> THE PROBLEM
Retype all entries exactly, skipping pictures.

> RECORDS SHOWN
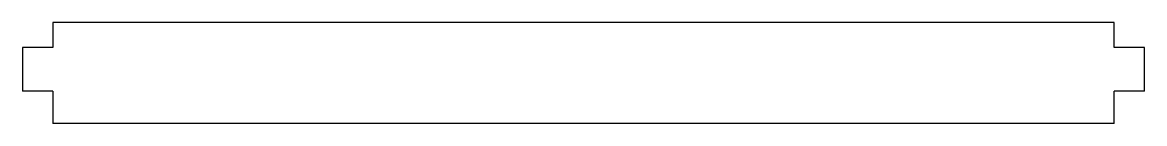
# Model space of a CAD drawing. Header units: inches. Extents: x -1.6 to 58.1, y 0 to 5.4.
import ezdxf

# ---------------------------------------------------------------- set-up
doc = ezdxf.new("R2010")
doc.units = ezdxf.units.IN
doc.header["$MEASUREMENT"] = 0

msp = doc.modelspace()

# ---------------------------------------------------------------- linework, layer by layer
at = {"color": 7, "linetype": 'Continuous', "lineweight": 25}
for p, q in [((0, 5.3592), (0, 4.0296)), ((56.5, 5.3592), (0, 5.3592)), ((56.5, 4.0296), (56.5, 5.3592)), ((-1.625, 4.0296), (-1.625, 1.7217)), ((0, 4.0296), (-1.625, 4.0296)), ((58.125, 4.0296), (56.5, 4.0296)), ((58.125, 1.7217), (58.125, 4.0296)), ((0, 1.7217), (-1.625, 1.7217)), ((0, 1.7217), (0, 0)), ((58.125, 1.7217), (56.5, 1.7217)), ((56.5, 0), (56.5, 1.7217)), ((56.5, 0), (0, 0))]:
    msp.add_line(p, q, dxfattribs=at)

doc.saveas('drawing.dxf')

> SOLUTION
# Model space of a CAD drawing. Header units: inches. Extents: x -1.6 to 58.1, y 0 to 5.4.
import ezdxf

# ---------------------------------------------------------------- set-up
doc = ezdxf.new("R2010")
doc.units = ezdxf.units.IN
doc.header["$MEASUREMENT"] = 0

msp = doc.modelspace()

# ---------------------------------------------------------------- linework, layer by layer
at = {"color": 7, "linetype": 'Continuous', "lineweight": 25}
for p, q in [((0, 5.3592), (0, 4.0296)), ((56.5, 5.3592), (0, 5.3592)), ((56.5, 4.0296), (56.5, 5.3592)), ((-1.625, 4.0296), (-1.625, 1.7217)), ((0, 4.0296), (-1.625, 4.0296)), ((58.125, 4.0296), (56.5, 4.0296)), ((58.125, 1.7217), (58.125, 4.0296)), ((0, 1.7217), (-1.625, 1.7217)), ((0, 1.7217), (0, 0)), ((58.125, 1.7217), (56.5, 1.7217)), ((56.5, 0), (56.5, 1.7217)), ((56.5, 0), (0, 0))]:
    msp.add_line(p, q, dxfattribs=at)

doc.saveas('drawing.dxf')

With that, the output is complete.